Task brief: How do the lines below between the ones holding "#15=CARTESIAN_POINT('',(0.,0.,0.));" and "#22=AXIS2_PLACEMENT_3D('',#19,#20,#21);", inclusive, read? Give them again exactly, with no other lines.

Given data:
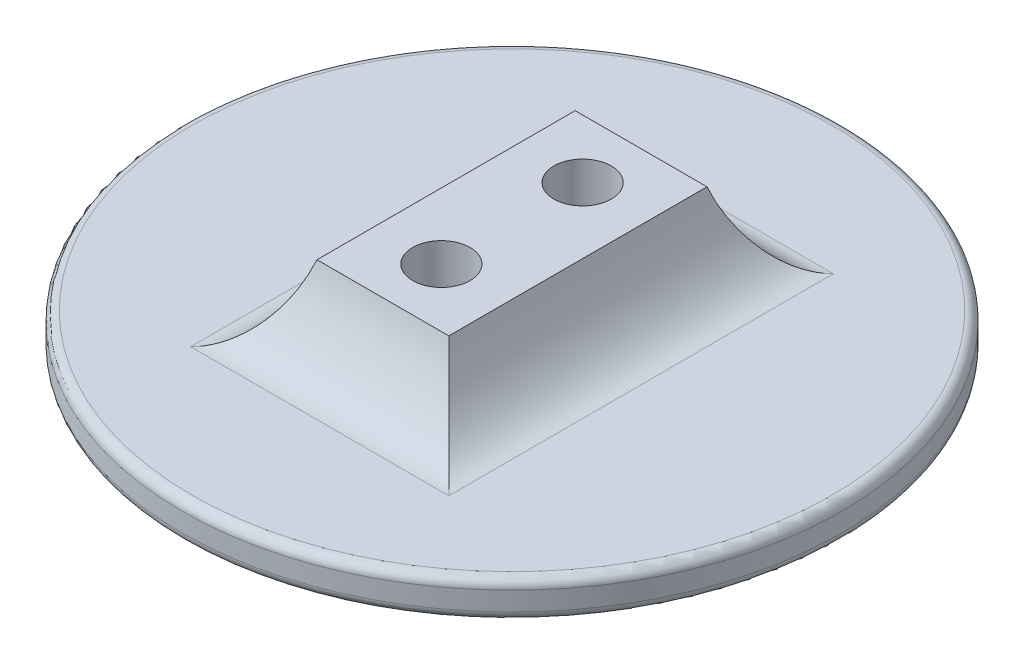
ISO-10303-21;
HEADER;
FILE_DESCRIPTION(('STEP AP214'),'2;1');
FILE_NAME('part.step','',(''),(''),'','','');
FILE_SCHEMA(('AUTOMOTIVE_DESIGN { 1 0 10303 214 1 1 1 1 }'));
ENDSEC;
DATA;
#1=APPLICATION_CONTEXT('core data for automotive mechanical design processes');
#2=APPLICATION_PROTOCOL_DEFINITION('international standard','automotive_design',2000,#1);
#3=PRODUCT_CONTEXT('',#1,'mechanical');
#4=PRODUCT('Part','Part','',(#3));
#5=PRODUCT_RELATED_PRODUCT_CATEGORY('part','',(#4));
#6=PRODUCT_DEFINITION_FORMATION('','',#4);
#7=PRODUCT_DEFINITION_CONTEXT('part definition',#1,'design');
#8=PRODUCT_DEFINITION('design','',#6,#7);
#9=PRODUCT_DEFINITION_SHAPE('','',#8);
#10=(LENGTH_UNIT() NAMED_UNIT(*) SI_UNIT(.MILLI.,.METRE.));
#11=(NAMED_UNIT(*) PLANE_ANGLE_UNIT() SI_UNIT($,.RADIAN.));
#12=(NAMED_UNIT(*) SI_UNIT($,.STERADIAN.) SOLID_ANGLE_UNIT());
#13=UNCERTAINTY_MEASURE_WITH_UNIT(LENGTH_MEASURE(1.E-05),#10,'distance_accuracy_value','');
#14=(GEOMETRIC_REPRESENTATION_CONTEXT(3) GLOBAL_UNCERTAINTY_ASSIGNED_CONTEXT((#13)) GLOBAL_UNIT_ASSIGNED_CONTEXT((#10,
#11,#12)) REPRESENTATION_CONTEXT('',''));
#15=CARTESIAN_POINT('',(0.,0.,0.));
#16=DIRECTION('',(0.,0.,1.));
#17=DIRECTION('',(1.,0.,0.));
#18=AXIS2_PLACEMENT_3D('',#15,#16,#17);
#19=CARTESIAN_POINT('',(0.,0.,0.));
#20=DIRECTION('',(0.,1.,0.));
#21=DIRECTION('',(0.,0.,1.));
#22=AXIS2_PLACEMENT_3D('',#19,#20,#21);
#23=PLANE('',#22);
#24=CARTESIAN_POINT('',(0.,0.,0.));
#25=DIRECTION('',(0.,1.,0.));
#26=DIRECTION('',(0.,0.,1.));
#27=AXIS2_PLACEMENT_3D('',#24,#25,#26);
#28=CIRCLE('',#27,34.);
#29=CARTESIAN_POINT('',(0.,0.,34.));
#30=VERTEX_POINT('',#29);
#31=EDGE_CURVE('E12',#30,#30,#28,.F.);
#32=ORIENTED_EDGE('',*,*,#31,.T.);
#33=EDGE_LOOP('',(#32));
#34=FACE_BOUND('',#33,.T.);
#35=CARTESIAN_POINT('',(0.,0.,7.5));
#36=DIRECTION('',(0.,-1.,0.));
#37=DIRECTION('',(0.,0.,-1.));
#38=AXIS2_PLACEMENT_3D('',#35,#36,#37);
#39=CIRCLE('',#38,5.05);
#40=CARTESIAN_POINT('',(0.,0.,2.45));
#41=VERTEX_POINT('',#40);
#42=EDGE_CURVE('E354',#41,#41,#39,.T.);
#43=ORIENTED_EDGE('',*,*,#42,.F.);
#44=EDGE_LOOP('',(#43));
#45=FACE_BOUND('',#44,.T.);
#46=CARTESIAN_POINT('',(0.,0.,-7.5));
#47=DIRECTION('',(0.,1.,0.));
#48=DIRECTION('',(0.,0.,1.));
#49=AXIS2_PLACEMENT_3D('',#46,#47,#48);
#50=CIRCLE('',#49,5.05);
#51=CARTESIAN_POINT('',(0.,0.,-2.45));
#52=VERTEX_POINT('',#51);
#53=EDGE_CURVE('E350',#52,#52,#50,.T.);
#54=ORIENTED_EDGE('',*,*,#53,.T.);
#55=EDGE_LOOP('',(#54));
#56=FACE_BOUND('',#55,.T.);
#57=ADVANCED_FACE('F45',(#34,#45,#56),#23,.F.);
#58=CARTESIAN_POINT('',(0.,0.,7.5));
#59=DIRECTION('',(0.,1.,0.));
#60=DIRECTION('',(0.,0.,1.));
#61=AXIS2_PLACEMENT_3D('',#58,#59,#60);
#62=CYLINDRICAL_SURFACE('',#61,3.05);
#63=CARTESIAN_POINT('',(0.,12.,7.5));
#64=DIRECTION('',(0.,-1.,0.));
#65=DIRECTION('',(0.,0.,-1.));
#66=AXIS2_PLACEMENT_3D('',#63,#64,#65);
#67=CIRCLE('',#66,3.05);
#68=CARTESIAN_POINT('',(0.,12.,4.45));
#69=VERTEX_POINT('',#68);
#70=EDGE_CURVE('E253',#69,#69,#67,.T.);
#71=ORIENTED_EDGE('',*,*,#70,.F.);
#72=EDGE_LOOP('',(#71));
#73=FACE_BOUND('',#72,.T.);
#74=CARTESIAN_POINT('',(0.,6.1,7.5));
#75=DIRECTION('',(0.,-1.,0.));
#76=DIRECTION('',(0.,0.,-1.));
#77=AXIS2_PLACEMENT_3D('',#74,#75,#76);
#78=CIRCLE('',#77,3.05);
#79=CARTESIAN_POINT('',(0.,6.1,4.45));
#80=VERTEX_POINT('',#79);
#81=EDGE_CURVE('E248',#80,#80,#78,.T.);
#82=ORIENTED_EDGE('',*,*,#81,.T.);
#83=EDGE_LOOP('',(#82));
#84=FACE_BOUND('',#83,.T.);
#85=ADVANCED_FACE('F216',(#73,#84),#62,.F.);
#86=CARTESIAN_POINT('',(0.,12.,0.));
#87=DIRECTION('',(0.,-1.,0.));
#88=DIRECTION('',(0.,0.,-1.));
#89=AXIS2_PLACEMENT_3D('',#86,#87,#88);
#90=PLANE('',#89);
#91=CARTESIAN_POINT('',(7.,12.,-22.4600243257493));
#92=CARTESIAN_POINT('',(7.,12.,-21.7794175279994));
#93=CARTESIAN_POINT('',(7.,12.,-21.0988107302494));
#94=CARTESIAN_POINT('',(7.,12.,-6.80606797749979));
#95=CARTESIAN_POINT('',(7.,12.,6.80606797748798));
#96=CARTESIAN_POINT('',(7.,12.,21.0988107302499));
#97=CARTESIAN_POINT('',(7.,12.,21.7794175279989));
#98=CARTESIAN_POINT('',(7.,12.,22.4600243257493));
#99=(BOUNDED_CURVE() B_SPLINE_CURVE(3,(#91,#92,#93,#94,#95,#96,#97,#98),.UNSPECIFIED.,.F.,
.F.) B_SPLINE_CURVE_WITH_KNOTS((4,2,2,4),(-0.00875002432574931,-0.00670820393249937,
0.0341282039324994,0.0361700243257493),
.UNSPECIFIED.) CURVE() GEOMETRIC_REPRESENTATION_ITEM() RATIONAL_B_SPLINE_CURVE((1.,1.,1.,1.,1.,
1.,1.,1.)) REPRESENTATION_ITEM(''));
#100=CARTESIAN_POINT('',(7.,12.,13.71));
#101=VERTEX_POINT('',#100);
#102=CARTESIAN_POINT('',(7.,12.,-13.71));
#103=VERTEX_POINT('',#102);
#104=EDGE_CURVE('E90',#101,#103,#99,.F.);
#105=ORIENTED_EDGE('',*,*,#104,.T.);
#106=CARTESIAN_POINT('',(-15.0936141291243,12.,-13.71));
#107=CARTESIAN_POINT('',(-14.6318107302497,12.,-13.71));
#108=CARTESIAN_POINT('',(-14.170007331374,12.,-13.71));
#109=CARTESIAN_POINT('',(-4.47213595500759,12.,-13.71));
#110=CARTESIAN_POINT('',(4.76393202250021,12.,-13.71));
#111=CARTESIAN_POINT('',(14.461803398875,12.,-13.71));
#112=CARTESIAN_POINT('',(14.92360679775,12.,-13.71));
#113=CARTESIAN_POINT('',(15.385410196625,12.,-13.71));
#114=(BOUNDED_CURVE() B_SPLINE_CURVE(3,(#106,#107,#108,#109,#110,#111,#112,#113),.UNSPECIFIED.,
.F.,.F.) B_SPLINE_CURVE_WITH_KNOTS((4,2,2,4),(-0.022385410196625,-0.021,0.00670820393249937,
0.00809361412912434),
.UNSPECIFIED.) CURVE() GEOMETRIC_REPRESENTATION_ITEM() RATIONAL_B_SPLINE_CURVE((1.,1.,1.,1.,1.,
1.,1.,1.)) REPRESENTATION_ITEM(''));
#115=CARTESIAN_POINT('',(-7.,12.,-13.71));
#116=VERTEX_POINT('',#115);
#117=EDGE_CURVE('E97',#103,#116,#114,.F.);
#118=ORIENTED_EDGE('',*,*,#117,.T.);
#119=CARTESIAN_POINT('',(-7.,12.,22.781));
#120=CARTESIAN_POINT('',(-7.,12.,22.0906666666662));
#121=CARTESIAN_POINT('',(-7.,12.,21.4003333333339));
#122=CARTESIAN_POINT('',(-7.,12.,6.90333333332136));
#123=CARTESIAN_POINT('',(-7.,12.,-6.90333333333334));
#124=CARTESIAN_POINT('',(-7.,12.,-21.4003333333333));
#125=CARTESIAN_POINT('',(-7.,12.,-22.0906666666667));
#126=CARTESIAN_POINT('',(-7.,12.,-22.781));
#127=(BOUNDED_CURVE() B_SPLINE_CURVE(3,(#119,#120,#121,#122,#123,#124,#125,#126),.UNSPECIFIED.,
.F.,.F.) B_SPLINE_CURVE_WITH_KNOTS((4,2,2,4),(-0.036491,-0.03442,0.007,0.009071),
.UNSPECIFIED.) CURVE() GEOMETRIC_REPRESENTATION_ITEM() RATIONAL_B_SPLINE_CURVE((1.,1.,1.,1.,1.,
1.,1.,1.)) REPRESENTATION_ITEM(''));
#128=CARTESIAN_POINT('',(-7.,12.,13.71));
#129=VERTEX_POINT('',#128);
#130=EDGE_CURVE('E126',#116,#129,#127,.F.);
#131=ORIENTED_EDGE('',*,*,#130,.T.);
#132=CARTESIAN_POINT('',(15.385410196625,12.,13.71));
#133=CARTESIAN_POINT('',(14.92360679775,12.,13.71));
#134=CARTESIAN_POINT('',(14.461803398875,12.,13.71));
#135=CARTESIAN_POINT('',(4.76393202250021,12.,13.71));
#136=CARTESIAN_POINT('',(-4.47213595500759,12.,13.71));
#137=CARTESIAN_POINT('',(-14.170007331374,12.,13.71));
#138=CARTESIAN_POINT('',(-14.6318107302496,12.,13.71));
#139=CARTESIAN_POINT('',(-15.0936141291243,12.,13.71));
#140=(BOUNDED_CURVE() B_SPLINE_CURVE(3,(#132,#133,#134,#135,#136,#137,#138,#139),.UNSPECIFIED.,
.F.,.F.) B_SPLINE_CURVE_WITH_KNOTS((4,2,2,4),(-0.00809361412912434,-0.00670820393249937,0.021,
0.022385410196625),
.UNSPECIFIED.) CURVE() GEOMETRIC_REPRESENTATION_ITEM() RATIONAL_B_SPLINE_CURVE((1.,1.,1.,1.,1.,
1.,1.,1.)) REPRESENTATION_ITEM(''));
#141=EDGE_CURVE('E100',#129,#101,#140,.F.);
#142=ORIENTED_EDGE('',*,*,#141,.T.);
#143=EDGE_LOOP('',(#105,#118,#131,#142));
#144=FACE_BOUND('',#143,.T.);
#145=ORIENTED_EDGE('',*,*,#70,.T.);
#146=EDGE_LOOP('',(#145));
#147=FACE_BOUND('',#146,.T.);
#148=CARTESIAN_POINT('',(0.,12.,-7.5));
#149=DIRECTION('',(0.,1.,0.));
#150=DIRECTION('',(0.,0.,1.));
#151=AXIS2_PLACEMENT_3D('',#148,#149,#150);
#152=CIRCLE('',#151,3.05);
#153=CARTESIAN_POINT('',(0.,12.,-4.45));
#154=VERTEX_POINT('',#153);
#155=EDGE_CURVE('E341',#154,#154,#152,.T.);
#156=ORIENTED_EDGE('',*,*,#155,.F.);
#157=EDGE_LOOP('',(#156));
#158=FACE_BOUND('',#157,.T.);
#159=ADVANCED_FACE('F93',(#144,#147,#158),#90,.F.);
#160=CARTESIAN_POINT('',(0.,4.,0.));
#161=DIRECTION('',(0.,-1.,0.));
#162=DIRECTION('',(0.,0.,-1.));
#163=AXIS2_PLACEMENT_3D('',#160,#161,#162);
#164=CYLINDRICAL_SURFACE('',#163,35.);
#165=CARTESIAN_POINT('',(0.,3.,0.));
#166=DIRECTION('',(0.,1.,0.));
#167=DIRECTION('',(0.,0.,1.));
#168=AXIS2_PLACEMENT_3D('',#165,#166,#167);
#169=CIRCLE('',#168,35.);
#170=CARTESIAN_POINT('',(0.,3.,35.));
#171=VERTEX_POINT('',#170);
#172=EDGE_CURVE('E54',#171,#171,#169,.F.);
#173=ORIENTED_EDGE('',*,*,#172,.T.);
#174=EDGE_LOOP('',(#173));
#175=FACE_BOUND('',#174,.T.);
#176=CARTESIAN_POINT('',(0.,1.,0.));
#177=DIRECTION('',(0.,1.,0.));
#178=DIRECTION('',(0.,0.,1.));
#179=AXIS2_PLACEMENT_3D('',#176,#177,#178);
#180=CIRCLE('',#179,35.);
#181=CARTESIAN_POINT('',(0.,1.,35.));
#182=VERTEX_POINT('',#181);
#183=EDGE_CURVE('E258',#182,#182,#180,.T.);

Task solution:
#15=CARTESIAN_POINT('',(0.,0.,0.));
#16=DIRECTION('',(0.,0.,1.));
#17=DIRECTION('',(1.,0.,0.));
#18=AXIS2_PLACEMENT_3D('',#15,#16,#17);
#19=CARTESIAN_POINT('',(0.,0.,0.));
#20=DIRECTION('',(0.,1.,0.));
#21=DIRECTION('',(0.,0.,1.));
#22=AXIS2_PLACEMENT_3D('',#19,#20,#21);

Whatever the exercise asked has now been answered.